Never mind his plans to require guns to be sold with a safety device, his proposal to ban veterans between ages 18-20 from buying any type of firearm, and Provo law prohibiting the discharge of a gun in self-defense. He identifies as a conservative! (Whatever that means).
Curtis complained during the debate that he is often blamed for problems in Provo that were already present when he assumed office, but if he did nothing to remove them, then he shares the blame, just as President Trump will be held accountable if he fails to fight for the full repeal of Obamacare, successfully or otherwise.

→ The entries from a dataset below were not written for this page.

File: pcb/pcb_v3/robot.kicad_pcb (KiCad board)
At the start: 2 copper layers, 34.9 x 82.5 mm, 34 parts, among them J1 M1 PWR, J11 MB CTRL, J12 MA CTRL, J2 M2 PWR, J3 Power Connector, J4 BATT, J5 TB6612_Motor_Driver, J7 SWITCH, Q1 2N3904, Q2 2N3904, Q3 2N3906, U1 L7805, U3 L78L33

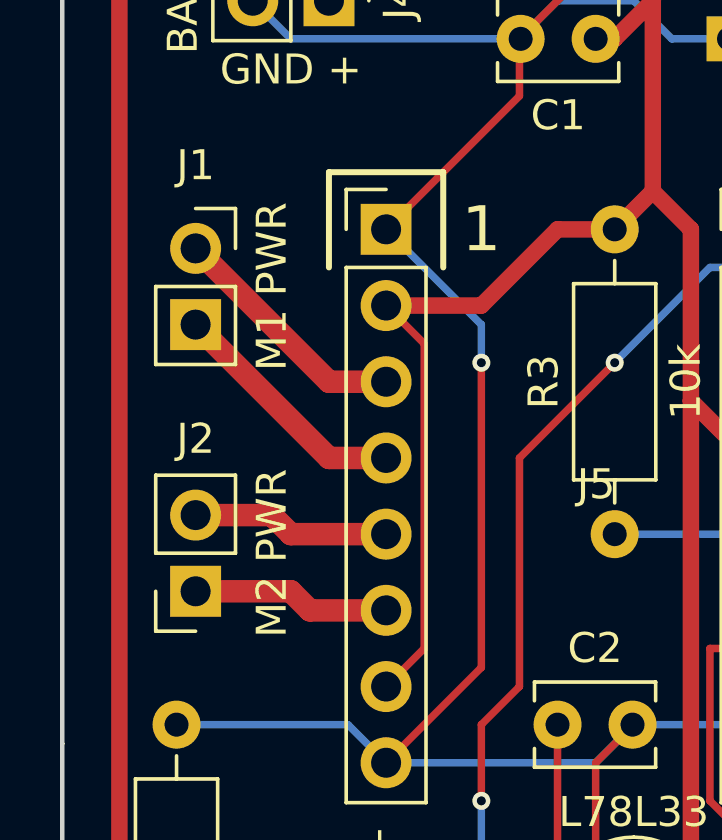
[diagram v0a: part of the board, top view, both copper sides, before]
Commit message: SMB, 28 Apr 2020, fixed error in PCB.
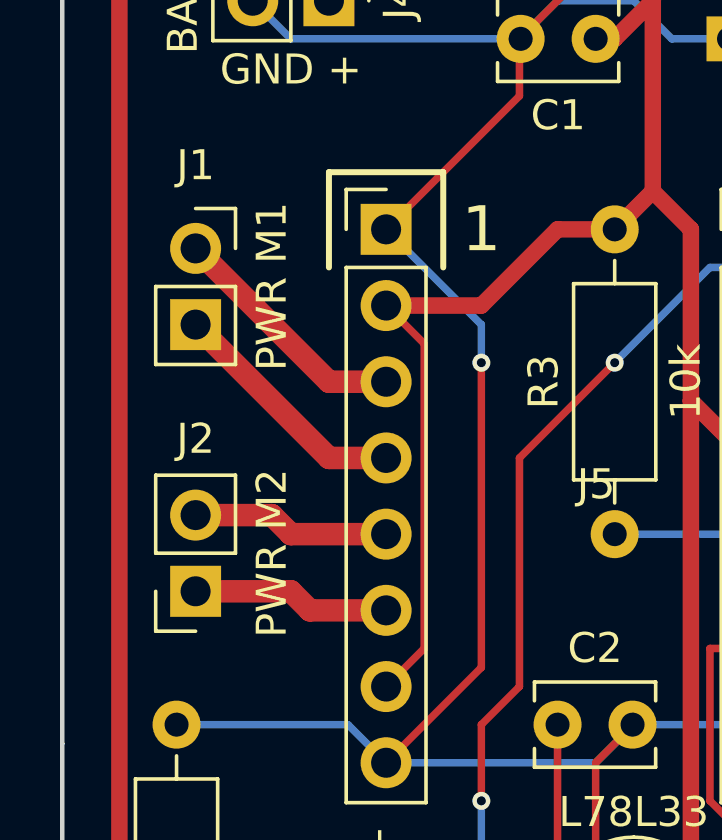
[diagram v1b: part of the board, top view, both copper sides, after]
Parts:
- J1: value M1 PWR -> PWR M1
- J2: value M2 PWR -> PWR M2
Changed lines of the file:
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@@
     (pcbplotparams
       (layerselection 0x010f0_ffffffff)
-      (usegerberextensions false)
+      (usegerberextensions true)
       (usegerberattributes false)
       (usegerberadvancedattributes false)
@@
       (effects (font (size 1 1) (thickness 0.15)))
     )
-    (fp_text value "M2 PWR" (at -2.54 1.27 270) (layer F.SilkS)
+    (fp_text value "PWR M2" (at -2.54 1.27 270) (layer F.SilkS)
       (effects (font (size 1 1) (thickness 0.15)))
     )
@@
       (effects (font (size 1 1) (thickness 0.15)))
     )
-    (fp_text value "M1 PWR" (at 2.54 1.27 90) (layer F.SilkS)
-      (effects (font (size 1 1) (thickness 0.15)))
-    )
+    (fp_text value "PWR M1" (at 2.54 1.27 90) (layer F.SilkS)
+      (effects (font (size 1 1) (thickness 0.15)))
+    )

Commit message: Same
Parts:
- J5: renamed from J1; value PWR M1 -> M1 PWR
- J6: renamed from J2; value PWR M2 -> M2 PWR
- renumbered J7 to J1, J4 to J2, J12 to J3, J11 to J4, J3 to J7, J5 to J8, U3 to U2
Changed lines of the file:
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@@
     (pcbplotparams
       (layerselection 0x010f0_ffffffff)
-      (usegerberextensions true)
+      (usegerberextensions false)
       (usegerberattributes false)
       (usegerberadvancedattributes false)
@@
   (net 12 "Net-(Q2-Pad2)")
   (net 13 +BATT)
-  (net 14 "Net-(J1-Pad1)")
-  (net 15 "Net-(J1-Pad2)")
-  (net 16 "Net-(J2-Pad1)")
-  (net 17 "Net-(J2-Pad2)")
-  (net 18 "Net-(J4-Pad1)")
+  (net 14 "Net-(J1-Pad2)")
+  (net 15 "Net-(J5-Pad2)")
+  (net 16 "Net-(J5-Pad1)")
+  (net 17 "Net-(J6-Pad2)")
+  (net 18 "Net-(J6-Pad1)")
   (net_class Default "This is the default net class."
     (clearance 0.2)
@@
     (add_net GND)
     (add_net "Net-(D1-Pad1)")
-    (add_net "Net-(J1-Pad1)")
+    (add_net "Net-(D2-Pad2)")
     (add_net "Net-(J1-Pad2)")
-    (add_net "Net-(J2-Pad1)")
-    (add_net "Net-(J2-Pad2)")
-    (add_net "Net-(J4-Pad1)")
+    (add_net "Net-(J5-Pad1)")
+    (add_net "Net-(J5-Pad2)")
+    (add_net "Net-(J6-Pad1)")
+    (add_net "Net-(J6-Pad2)")
     (add_net "Net-(Q1-Pad2)")
     (add_net "Net-(Q2-Pad2)")
+    (add_net "Net-(Q3-Pad2)")
+    (add_net "Net-(Q3-Pad3)")
+    (add_net "Net-(R2-Pad1)")
+    (add_net "Net-(R2-Pad2)")
+    (add_net "Net-(R7-Pad1)")
+    (add_net "Net-(R7-Pad2)")
+    (add_net "Net-(R8-Pad1)")
+    (add_net "Net-(R8-Pad2)")
   )
   (net_class power ""
@@
     (descr "Through hole motor driver")
     (tags "Motor driver")
-    (fp_text reference J5 (at 7 8.5) (layer F.SilkS)
+    (fp_text reference J8 (at 7 8.5) (layer F.SilkS)
       (effects (font (size 1 1) (thickness 0.15)))
     )
@@
       (net 2 +5V))
     (pad 6 thru_hole oval (at 0 12.7) (size 1.7 1.7) (drill 1) (layers *.Cu *.Mask)
-      (net 16 "Net-(J2-Pad1)"))
+      (net 18 "Net-(J6-Pad1)"))
     (pad 5 thru_hole oval (at 0 10.16) (size 1.7 1.7) (drill 1) (layers *.Cu *.Mask)
-      (net 17 "Net-(J2-Pad2)"))
+      (net 17 "Net-(J6-Pad2)"))
     (pad 4 thru_hole oval (at 0 7.62) (size 1.7 1.7) (drill 1) (layers *.Cu *.Mask)
-      (net 15 "Net-(J1-Pad2)"))
+      (net 15 "Net-(J5-Pad2)"))
     (pad 3 thru_hole oval (at 0 5.08) (size 1.7 1.7) (drill 1) (layers *.Cu *.Mask)
-      (net 14 "Net-(J1-Pad1)"))
+      (net 16 "Net-(J5-Pad1)"))
     (pad 2 thru_hole oval (at 0 2.54) (size 1.7 1.7) (drill 1) (layers *.Cu *.Mask)
       (net 2 +5V))
@@
     (descr "Through hole straight pin header, 1x02, 2.54mm pitch, single row")
     (tags "Through hole pin header THT 1x02 2.54mm single row")
-    (fp_text reference J4 (at 0 -2.33 90) (layer F.SilkS)
+    (fp_text reference J2 (at 0 -2.33 90) (layer F.SilkS)
       (effects (font (size 1 1) (thickness 0.15)))
     )
@@
       (net 1 GND))
     (pad 1 thru_hole rect (at 0 0 270) (size 1.7 1.7) (drill 1) (layers *.Cu *.Mask)
-      (net 18 "Net-(J4-Pad1)"))
+      (net 14 "Net-(J1-Pad2)"))
     (model ${KISYS3DMOD}/Connector_PinHeader_2.54mm.3dshapes/PinHeader_1x02_P2.54mm_Vertical.wrl
       (at (xyz 0 0 0))
@@
     (descr "Through hole straight pin header, 1x02, 2.54mm pitch, single row")
     (tags "Through hole pin header THT 1x02 2.54mm single row")
-    (fp_text reference J7 (at 0 -2.33 90) (layer F.SilkS)
+    (fp_text reference J1 (at 0 -2.33 90) (layer F.SilkS)
       (effects (font (size 1 1) (thickness 0.15)))
     )
@@
     (fp_line (start -0.635 -1.27) (end 1.27 -1.27) (layer F.Fab) (width 0.1))
     (pad 2 thru_hole rect (at 0 2.54 90) (size 1.7 1.7) (drill 1) (layers *.Cu *.Mask)
-      (net 18 "Net-(J4-Pad1)"))
+      (net 14 "Net-(J1-Pad2)"))
     (pad 1 thru_hole oval (at 0 0 90) (size 1.7 1.7) (drill 1) (layers *.Cu *.Mask)
       (net 13 +BATT))
@@
     (descr "Through hole straight socket strip, 2x05, 2.54mm pitch, double cols (from Kicad 4.0.7), script generated")
     (tags "Through hole socket strip THT 2x05 2.54mm double row")
-    (fp_text reference J3 (at -1.27 -2.77 90) (layer F.SilkS) hide
+    (fp_text reference J7 (at -1.27 -2.77 90) (layer F.SilkS) hide
       (effects (font (size 1 1) (thickness 0.15)))
     )
@@
     (descr "Through hole straight pin header, 1x02, 2.54mm pitch, single row")
     (tags "Through hole pin header THT 1x02 2.54mm single row")
-    (fp_text reference J12 (at 0 -2.33) (layer F.Fab)
+    (fp_text reference J3 (at 0.635 4.75) (layer F.SilkS)
       (effects (font (size 1 1) (thickness 0.15)))
     )
@@
     (descr "Through hole straight pin header, 1x02, 2.54mm pitch, single row")
     (tags "Through hole pin header THT 1x02 2.54mm single row")
-    (fp_text reference J11 (at 0 -2.33) (layer F.Fab)
+    (fp_text reference J4 (at -0.635 4.75) (layer F.SilkS)
       (effects (font (size 1 1) (thickness 0.15)))
     )
@@
     (descr "Through hole straight socket strip, 1x02, 2.54mm pitch, single row (from Kicad 4.0.7), script generated")
     (tags "Through hole socket strip THT 1x02 2.54mm single row")
-    (fp_text reference J2 (at 0 5.08) (layer F.SilkS)
-      (effects (font (size 1 1) (thickness 0.15)))
-    )
-    (fp_text value "PWR M2" (at -2.54 1.27 270) (layer F.SilkS)
+    (fp_text reference J6 (at 0 5.08) (layer F.SilkS)
+      (effects (font (size 1 1) (thickness 0.15)))
+    )
+    (fp_text value "M2 PWR" (at -2.54 1.27 270) (layer F.SilkS)
       (effects (font (size 1 1) (thickness 0.15)))
     )
@@
     (fp_line (start -1.27 -1.27) (end 0.635 -1.27) (layer F.Fab) (width 0.1))
     (pad 2 thru_hole oval (at 0 2.54 180) (size 1.7 1.7) (drill 1) (layers *.Cu *.Mask)
-      (net 17 "Net-(J2-Pad2)"))
+      (net 17 "Net-(J6-Pad2)"))
     (pad 1 thru_hole rect (at 0 0 180) (size 1.7 1.7) (drill 1) (layers *.Cu *.Mask)
-      (net 16 "Net-(J2-Pad1)"))
+      (net 18 "Net-(J6-Pad1)"))
     (model ${KISYS3DMOD}/Connector_PinSocket_2.54mm.3dshapes/PinSocket_1x02_P2.54mm_Vertical.wrl
       (at (xyz 0 0 0))
@@
     (descr "Through hole straight socket strip, 1x02, 2.54mm pitch, single row (from Kicad 4.0.7), script generated")
     (tags "Through hole socket strip THT 1x02 2.54mm single row")
-    (fp_text reference J1 (at 0 -2.77) (layer F.SilkS)
-      (effects (font (size 1 1) (thickness 0.15)))
-    )
-    (fp_text value "PWR M1" (at 2.54 1.27 90) (layer F.SilkS)
+    (fp_text reference J5 (at 0 -2.77) (layer F.SilkS)
+      (effects (font (size 1 1) (thickness 0.15)))
+    )
+    (fp_text value "M1 PWR" (at 2.54 1.27 90) (layer F.SilkS)
       (effects (font (size 1 1) (thickness 0.15)))
     )
@@
     (fp_line (start -1.27 -1.27) (end 0.635 -1.27) (layer F.Fab) (width 0.1))
     (pad 2 thru_hole rect (at 0 2.54) (size 1.7 1.7) (drill 1) (layers *.Cu *.Mask)
-      (net 15 "Net-(J1-Pad2)"))
+      (net 15 "Net-(J5-Pad2)"))
     (pad 1 thru_hole oval (at 0 0) (size 1.7 1.7) (drill 1) (layers *.Cu *.Mask)
-      (net 14 "Net-(J1-Pad1)"))
+      (net 16 "Net-(J5-Pad1)"))
     (model ${KISYS3DMOD}/Connector_PinSocket_2.54mm.3dshapes/PinSocket_1x02_P2.54mm_Vertical.wrl
       (at (xyz 0 0 0))
@@
     (fp_line (start 0.8 1.75) (end 4.3 1.75) (layer F.Fab) (width 0.1))
     (fp_line (start 0.74 1.85) (end 4.34 1.85) (layer F.SilkS) (width 0.12))
-    (fp_text user %R (at -2.54 -1.27) (layer F.Fab)
+    (fp_text user %R (at -2.54 -1.27) (layer F.Fab) hide
       (effects (font (size 1 1) (thickness 0.15)))
     )
@@
     (descr "TO-92L leads in-line (large body variant of TO-92), also known as TO-226, wide, drill 0.75mm (see https://www.diodes.com/assets/Package-Files/TO92L.pdf and http://www.ti.com/lit/an/snoa059/snoa059.pdf)")
     (tags "TO-92L Inline Wide transistor")
-    (fp_text reference U3 (at 2.54 -3.56) (layer F.Fab)
+    (fp_text reference U2 (at 2.54 -3.56) (layer F.Fab)
       (effects (font (size 1 1) (thickness 0.15)))
     )
@@
   (segment (start 102.87 35.56) (end 102.235 36.195) (width 0.55) (layer B.Cu) (net 13))
   (segment (start 102.87 27.94) (end 102.87 35.56) (width 0.55) (layer B.Cu) (net 13))
-  (segment (start 106.68 65.405) (end 104.775 65.405) (width 0.75) (layer F.Cu) (net 14))
-  (segment (start 104.775 65.405) (end 100.33 60.96) (width 0.75) (layer F.Cu) (net 14))
+  (segment (start 106.68 65.405) (end 104.775 65.405) (width 0.75) (layer F.Cu) (net 16))
+  (segment (start 104.775 65.405) (end 100.33 60.96) (width 0.75) (layer F.Cu) (net 16))
   (segment (start 106.68 67.945) (end 104.775 67.945) (width 0.75) (layer F.Cu) (net 15))
   (segment (start 104.775 67.945) (end 100.33 63.5) (width 0.75) (layer F.Cu) (net 15))
-  (segment (start 106.68 73.025) (end 104.14 73.025) (width 0.75) (layer F.Cu) (net 16))
-  (segment (start 103.505 72.39) (end 100.33 72.39) (width 0.75) (layer F.Cu) (net 16))
-  (segment (start 104.14 73.025) (end 103.505 72.39) (width 0.75) (layer F.Cu) (net 16))
+  (segment (start 106.68 73.025) (end 104.14 73.025) (width 0.75) (layer F.Cu) (net 18))
+  (segment (start 103.505 72.39) (end 100.33 72.39) (width 0.75) (layer F.Cu) (net 18))
+  (segment (start 104.14 73.025) (end 103.505 72.39) (width 0.75) (layer F.Cu) (net 18))
   (segment (start 106.68 70.485) (end 103.505 70.485) (width 0.75) (layer F.Cu) (net 17))
   (segment (start 102.87 69.85) (end 100.33 69.85) (width 0.75) (layer F.Cu) (net 17))
   (segment (start 103.505 70.485) (end 102.87 69.85) (width 0.75) (layer F.Cu) (net 17))
-  (segment (start 104.775 52.705) (end 104.775 46.99) (width 0.25) (layer B.Cu) (net 18) (status 80000))
+  (segment (start 104.775 52.705) (end 104.775 46.99) (width 0.25) (layer B.Cu) (net 14) (status 80000))
   (zone (net 1) (net_name GND) (layer F.Cu) (hatch edge 0.508)
     (connect_pads (clearance 0.508))

However, after playing the “that was before my time” card regarding BRT, Provo’s infamously ineffective Bus Rapid Transit system that required a $75 million federal loan and $200 million of taxpayer money, he accepted credit for the action and said that it was his pleasure to continue the project, noting, “It’s a good project. And it’s necessary for our area.”
Disregard all that. Never mind that he raised taxes in Provo by 40%; that his definitive accomplishment as Mayor is the total monopolization of internet providers in the city; that he refused to stand with conservative icons like Jim Jordan, Mark Meadows, and Raul Labrador on the omnibus because to do so would’ve been exactly what Nancy Pelosi would’ve wanted; or that his hero in fighting the gender pay gap that has been debunked countless times is Pat Jones, a Democrat and former state senator with a Libertas rating of 45%. Confound it, he’s a transconservative! And if you don’t accept his identity, then you’re a bigot.
In fairness, Chris Herrod wasn’t up to his usual standards on Tuesday in defending conservative thought. At varying markers in the debate when providing evidence of his conservatism, Herrod said, “I’m a platform Republican” and repeatedly emphasized, “I support the Trump agenda.” Conservatism is about philosophy, not personality, and it is much bigger than President Trump. Conservatism is based on principles, not a party platform. I know Herrod knows this, but that’s not what he said in the debate, so I have to be fair.
But Herrod has been consistently conservative in action, if not entirely in rhetoric on Tuesday. Curtis has been neither. But will it matter to voters? Sadly, I don’t think so. In Utah, it’s not about who you are or what you represent — it’s how you identify.